NAT64 and matching identities

Ian Smith I.Smith at F5.com
Tue Nov 19 23:53:30 UTC 2013


It depends on what direction your are translating to:

IPv6-only host to IPv4 Internet:  This isn't a problem if you are dual-stack at the host, but if you really do have ip6 only hosts, you aren't looking at any requirement that is different than LSN44 or providing a IPv6 tunnel broker service (like he.net).  Since NAT64 is necessarily predicated by a DNS64 operation and you know who you gave an IP address to because they logged in (in some fashion) so you could bill them, you can log {subID,src_ip6,xlat_ip4:port,dst_ip4:port,fqdn} using syslog or ipfix (in as little as one message, depending on the AAA and IPAM architecture) and invest in log servers.    Port block allocation and deterministic schemes are possible here as well, but really, the only way to know you aren't going to be surprised by a lost or inaccurate data set under subpoena is to just log everything and write it off as a statutory expense. 

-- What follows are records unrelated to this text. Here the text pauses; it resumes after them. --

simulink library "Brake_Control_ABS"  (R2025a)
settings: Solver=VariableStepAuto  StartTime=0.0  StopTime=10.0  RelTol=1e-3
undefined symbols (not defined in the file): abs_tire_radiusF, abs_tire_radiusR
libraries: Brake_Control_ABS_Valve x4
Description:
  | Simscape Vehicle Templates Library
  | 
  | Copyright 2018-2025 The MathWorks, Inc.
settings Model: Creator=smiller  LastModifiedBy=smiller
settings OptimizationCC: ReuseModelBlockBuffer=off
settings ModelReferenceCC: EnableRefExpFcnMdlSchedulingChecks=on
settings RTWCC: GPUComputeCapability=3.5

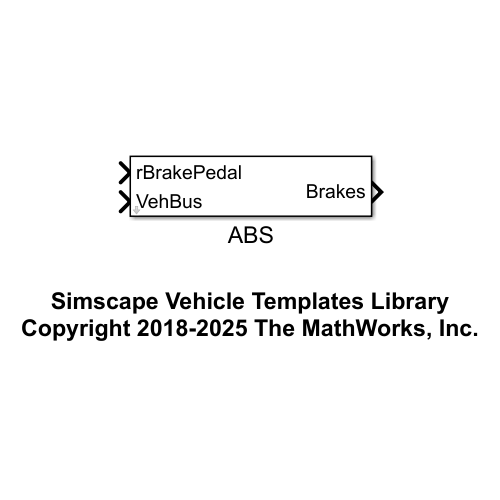
[thumbnail: Simulink's stored preview of the top-level diagram]
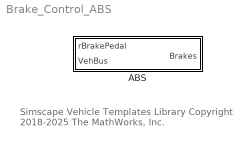
== system Brake_Control_ABS ==
  note: Simscape Vehicle Templates Library
      | Copyright 2018-2025 The MathWorks, Inc.
  ABS : Subsystem  VariantControl=ABS  mask{abs_tire_radiusF=abs_tire_radiusF, abs_tire_radiusR=abs_tire_radiusR}
      mask prompts: abs_tire_radiusF "Tire Radius Front (m)"; abs_tire_radiusR "Tire Radius Rear (m)"

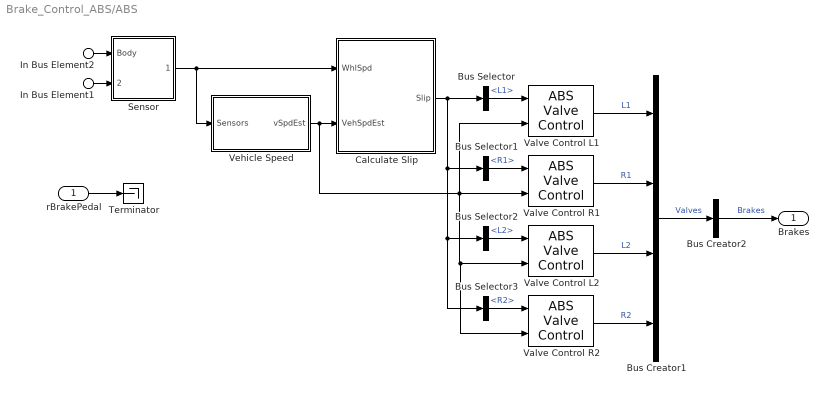
== system Brake_Control_ABS/ABS ==
  rBrakePedal : Inport
  In Bus Element1 : Inport  Port=2  PortName=VehBus  Element=Chassis
  In Bus Element2 : Inport  Port=2  PortName=VehBus  Element=Chassis.Body.CG
  Bus Creator1 : BusCreator  Inputs=4
  Bus Creator2 : BusCreator  Inputs=1
  Bus Selector : BusSelector  OutputSignals=L1
  Bus Selector1 : BusSelector  OutputSignals=R1
  Bus Selector2 : BusSelector  OutputSignals=L2
  Bus Selector3 : BusSelector  OutputSignals=R2
  Calculate Slip : Subsystem
  Sensor : Subsystem
  Terminator : Terminator
  Valve Control L1 : Brake_Control_ABS_Valve/ABS Valve Control  SystemSampleTime=-1  VariantActivationTime=update diagram  EmptyChoice=off  PassThrough=off  PassThroughVariantControl=(default)  EmptyChoiceVariantControl=(default)  AllowFlexibleInterface=on  Latency=0  AutoFrameSizeCalculation=off
  Valve Control L2 : Brake_Control_ABS_Valve/ABS Valve Control  SystemSampleTime=-1  VariantActivationTime=update diagram  EmptyChoice=off  PassThrough=off  PassThroughVariantControl=(default)  EmptyChoiceVariantControl=(default)  AllowFlexibleInterface=on  Latency=0  AutoFrameSizeCalculation=off
  Valve Control R1 : Brake_Control_ABS_Valve/ABS Valve Control  SystemSampleTime=-1  VariantActivationTime=update diagram  EmptyChoice=off  PassThrough=off  PassThroughVariantControl=(default)  EmptyChoiceVariantControl=(default)  AllowFlexibleInterface=on  Latency=0  AutoFrameSizeCalculation=off
  Valve Control R2 : Brake_Control_ABS_Valve/ABS Valve Control  SystemSampleTime=-1  VariantActivationTime=update diagram  EmptyChoice=off  PassThrough=off  PassThroughVariantControl=(default)  EmptyChoiceVariantControl=(default)  AllowFlexibleInterface=on  Latency=0  AutoFrameSizeCalculation=off
  Vehicle Speed : Subsystem
  Brakes : Outport  VectorParamsAs1DForOutWhenUnconnected=off
  wires:
  In Bus Element2/1 -> Sensor/1(Body)
  In Bus Element1/1 -> Sensor/2(WhlSpd)
  Bus Creator2/1 -> Brakes/1  "Brakes"
  Bus Selector1/1 -> Valve Control R1/1  "<R1>"
  Valve Control L1/1 -> Bus Creator1/1  "L1"
  Calculate Slip/1(Slip) -> Bus Selector/1, Bus Selector1/1, Bus Selector2/1, Bus Selector3/1
  Bus Selector/1 -> Valve Control L1/1  "<L1>"
  Bus Selector3/1 -> Valve Control R2/1  "<R2>"
  Valve Control L2/1 -> Bus Creator1/3  "L2"
  Valve Control R2/1 -> Bus Creator1/4  "R2"
  Valve Control R1/1 -> Bus Creator1/2  "R1"
  Bus Selector2/1 -> Valve Control L2/1  "<L2>"
  Bus Creator1/1 -> Bus Creator2/1  "Valves"
  Sensor/1(GroundSpd) -> Calculate Slip/1(WhlSpd), Vehicle Speed/1(Sensors)
  Vehicle Speed/1(vSpdEst) -> Calculate Slip/2(VehSpdEst), Valve Control L1/2, Valve Control R1/2, Valve Control L2/2, Valve Control R2/2
  rBrakePedal/1 -> Terminator/1

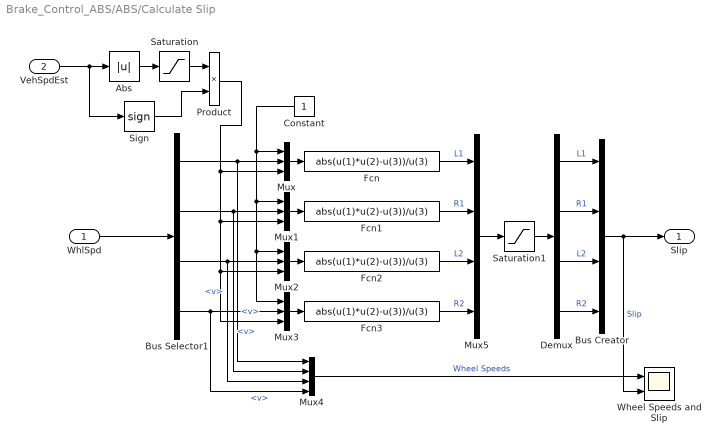
== system Brake_Control_ABS/ABS/Calculate Slip ==
  WhlSpd : Inport
  VehSpdEst : Inport  Port=2
  Abs : Abs  ZeroCross=off  SaturateOnIntegerOverflow=off
  Bus Creator : BusCreator  Inputs=4
  Bus Selector1 : BusSelector  OutputSignals=L1.v,R1.v,L2.v,R2.v
  Constant : Constant
  Demux : Demux
  Fcn{,1..3} (4 alike) : Fcn  Expr=abs(u(1)*u(2)-u(3))/u(3)
  Mux{,1..3} (4 alike) : Mux  Inputs=3
  Mux4 : Mux
  Mux5 : Mux
  Product : Product
  Saturation : Saturate  UpperLimit=inf  LowerLimit=eps  ZeroCross=off
  Saturation1 : Saturate  UpperLimit=1  LowerLimit=0
  Sign : Signum  ZeroCross=off
  Wheel Speeds and Slip : Scope  NumInputPorts=2
      settings: ActiveDisplayYMinimum=-11.64241  ActiveDisplayYMaximum=114.01232  DataLoggingVariableName=ScopeData2
  Slip : Outport  VectorParamsAs1DForOutWhenUnconnected=off
  wires:
  Fcn3/1 -> Mux5/4  "R2"
  Fcn2/1 -> Mux5/3  "L2"
  Fcn1/1 -> Mux5/2  "R1"
  Fcn/1 -> Mux5/1  "L1"
  Saturation1/1 -> Demux/1
  Mux5/1 -> Saturation1/1
  Mux4/1 -> Wheel Speeds and Slip/1  "Wheel Speeds"
  Mux3/1 -> Fcn3/1
  Mux2/1 -> Fcn2/1
  Mux1/1 -> Fcn1/1
  Mux/1 -> Fcn/1
  Sign/1 -> Product/2
  Saturation/1 -> Product/1
  Abs/1 -> Saturation/1
  Product/1 -> Mux/3, Mux1/3, Mux2/3, Mux3/3
  Bus Creator/1 -> Slip/1, Wheel Speeds and Slip/2  "Slip"
  Demux/4 -> Bus Creator/4  "R2"
  Demux/3 -> Bus Creator/3  "L2"
  Demux/2 -> Bus Creator/2  "R1"
  Demux/1 -> Bus Creator/1  "L1"
  VehSpdEst/1 -> Abs/1, Sign/1
  Constant/1 -> Mux2/1, Mux3/1, Mux1/1, Mux/1
  Bus Selector1/3 -> Mux2/2, Mux4/3  "<v>"
  Bus Selector1/1 -> Mux/2, Mux4/1  "<v>"
  Bus Selector1/4 -> Mux3/2, Mux4/4  "<v>"
  Bus Selector1/2 -> Mux1/2, Mux4/2  "<v>"
  WhlSpd/1 -> Bus Selector1/1

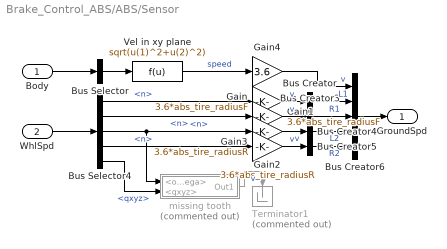
== system Brake_Control_ABS/ABS/Sensor ==
  Body : Inport
  WhlSpd : Inport  Port=2
  Bus Creator{,3..5} (4 alike) : BusCreator  Inputs=1
  Bus Creator6 : BusCreator  Inputs=5
  Bus Selector : BusSelector  OutputSignals=vx,vy  OutputAsBus=on
  Bus Selector4 : BusSelector  OutputSignals=WhlL1.n,WhlR1.n,WhlL2.n,WhlR2.n,WhlL2.qxyz
  Gain : Gain  Gain=3.6*abs_tire_radiusF
  Gain1 : Gain  Gain=3.6*abs_tire_radiusF
  Gain2 : Gain  Gain=3.6*abs_tire_radiusR
  Gain3 : Gain  Gain=3.6*abs_tire_radiusR
  Gain4 : Gain  Gain=3.6
  Terminator1 : Terminator  Commented=on
  Vel in xy plane : Fcn  Expr=sqrt(u(1)^2+u(2)^2)
  missing tooth : Subsystem  Commented=on
  GroundSpd : Outport  VectorParamsAs1DForOutWhenUnconnected=off
  wires:
  Bus Selector/1 -> Vel in xy plane/1
  Vel in xy plane/1 -> Gain4/1  "speed"
  Bus Creator6/1 -> GroundSpd/1
  WhlSpd/1 -> Bus Selector4/1
  Bus Selector4/4 -> Gain3/1  "<n>"
  Bus Selector4/1 -> Gain/1  "<n>"
  Gain4/1 -> Bus Creator6/1  "v"
  Bus Creator3/1 -> Bus Creator6/3  "R1"
  Body/1 -> Bus Selector/1
  Gain/1 -> Bus Creator/1  "v"
  Bus Selector4/3 -> missing tooth/1(<omega>), Gain2/1  "<n>"
  Bus Creator4/1 -> Bus Creator6/4  "L2"
  Bus Selector4/2 -> Gain1/1  "<n>"
  Bus Creator/1 -> Bus Creator6/2  "L1"
  Gain3/1 -> Bus Creator5/1  "v"
  Bus Creator5/1 -> Bus Creator6/5  "R2"
  Bus Selector4/5 -> missing tooth/2(<qxyz>)  "<qxyz>"
  Gain2/1 -> Bus Creator4/1  "v"
  missing tooth/1(Out1) -> Terminator1/1  "v"
  Gain1/1 -> Bus Creator3/1  "v"

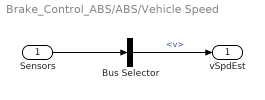
== system Brake_Control_ABS/ABS/Vehicle Speed ==
  Sensors : Inport
  Bus Selector : BusSelector  OutputSignals=v
  vSpdEst : Outport  VectorParamsAs1DForOutWhenUnconnected=off
  wires:
  Bus Selector/1 -> vSpdEst/1  "<v>"
  Sensors/1 -> Bus Selector/1

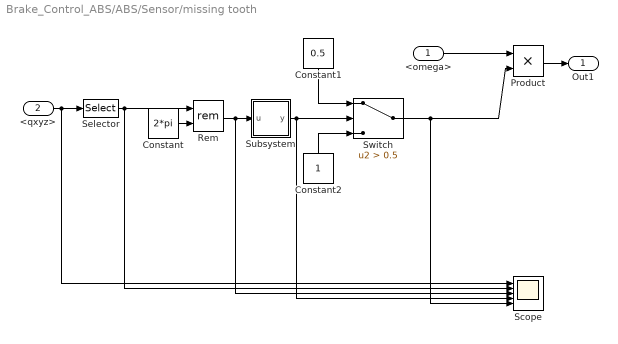
== system Brake_Control_ABS/ABS/Sensor/missing tooth ==
  <omega> : Inport
  <qxyz> : Inport  Port=2
  Constant : Constant  Value=2*pi
  Constant1 : Constant  Value=0.5
  Constant2 : Constant
  Product : Product
  Rem : Math  Operator=rem  SignedPower=on
  Scope : Scope  NumInputPorts=5
      settings: ActiveDisplayYMinimum=-41.32335  ActiveDisplayYMaximum=259.55855  DataLoggingVariableName=ScopeData2
  Selector : Selector  InputPortWidth=3  IndexOptions=Index vector (dialog)  Indices=[2]  OutputSizes=1
  Subsystem : Subsystem  mask{int_limit_upper=25/48*2*pi, int_limit_lower=22/48*2*pi}
      mask prompts: int_limit_upper "Upper Limit"; int_limit_lower "Lower Limit"
      mask TypeOptions int_limit_upper: Upper Limit/Value
      mask TypeOptions int_limit_lower: Lower Limit/Value
  Switch : Switch  Criteria=u2 > Threshold  Threshold=0.5  SaturateOnIntegerOverflow=off  InputSameDT=off
  Out1 : Outport  VectorParamsAs1DForOutWhenUnconnected=off
  wires:
  Product/1 -> Out1/1
  <omega>/1 -> Product/1
  Constant2/1 -> Switch/3
  Constant1/1 -> Switch/1
  Switch/1 -> Product/2, Scope/5
  Subsystem/1(y) -> Switch/2, Scope/4
  Selector/1 -> Rem/1, Scope/2
  Rem/1 -> Subsystem/1(u), Scope/3
  Constant/1 -> Rem/2
  <qxyz>/1 -> Selector/1, Scope/1

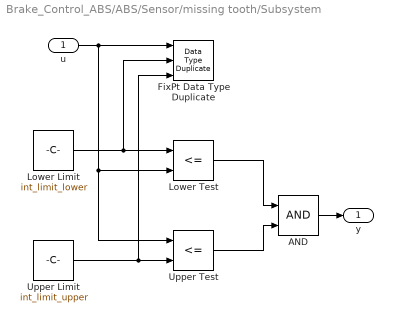
== system Brake_Control_ABS/ABS/Sensor/missing tooth/Subsystem ==
  u : Inport
  AND : Logic  AllPortsSameDT=off  OutDataTypeStr=boolean
  FixPt Data Type Duplicate : DataTypeDuplicate  DisableCoverage=on  NumInputPorts=3
  Lower Limit : Constant  DisableCoverage=on  Value=int_limit_lower  OutDataTypeStr=Inherit: Inherit via back propagation
  Lower Test : RelationalOperator  DisableCoverage=on  Operator=<=  OutDataTypeStr=boolean  InputSameDT=off
  Upper Limit : Constant  DisableCoverage=on  Value=int_limit_upper  OutDataTypeStr=Inherit: Inherit via back propagation
  Upper Test : RelationalOperator  DisableCoverage=on  Operator=<=  OutDataTypeStr=boolean  InputSameDT=off
  y : Outport  VectorParamsAs1DForOutWhenUnconnected=off
  wires:
  Lower Test/1 -> AND/1
  Upper Test/1 -> AND/2
  AND/1 -> y/1
  u/1 -> FixPt Data Type Duplicate/1, Lower Test/2, Upper Test/1
  Upper Limit/1 -> Upper Test/2, FixPt Data Type Duplicate/3
  Lower Limit/1 -> Lower Test/1, FixPt Data Type Duplicate/2

There is obviously a long tail of ip4 destinations, but nearly all of 500 of the Alexa global 500 have ip6 listeners, so the majority of your connections from ip6 only hosts should be leaving your network without NAT and if they aren't, you should figure out why as part of reassessing the problem.


IPv6 Internet to IPv4-only host:  Just do LB64 with an IP proxy.  Most commercial SLB/ADC vendors do this today and offer varying degrees of ALG to fix-up protocols that have multiple channels.  Your server doesn't need to know that there is a IPv6 portion of the connection unless they are doing something absurd like trying to initiate connections to IPv6 only hosts, and the ADC will help you deal with it as well.  Conveying the xlat information is protocol specific - HTTP and SIP are super easy, since that same ADC will do header inserts with the original client ip, others might not be, but by not having dual-stack applications, you are committing yourself to the tedium of protocol by protocol fix-ups.  You can help out that particular headache by using name lookups instead of address lookups (getaddrinfo instead of gethostbyaddr on POSIX systems)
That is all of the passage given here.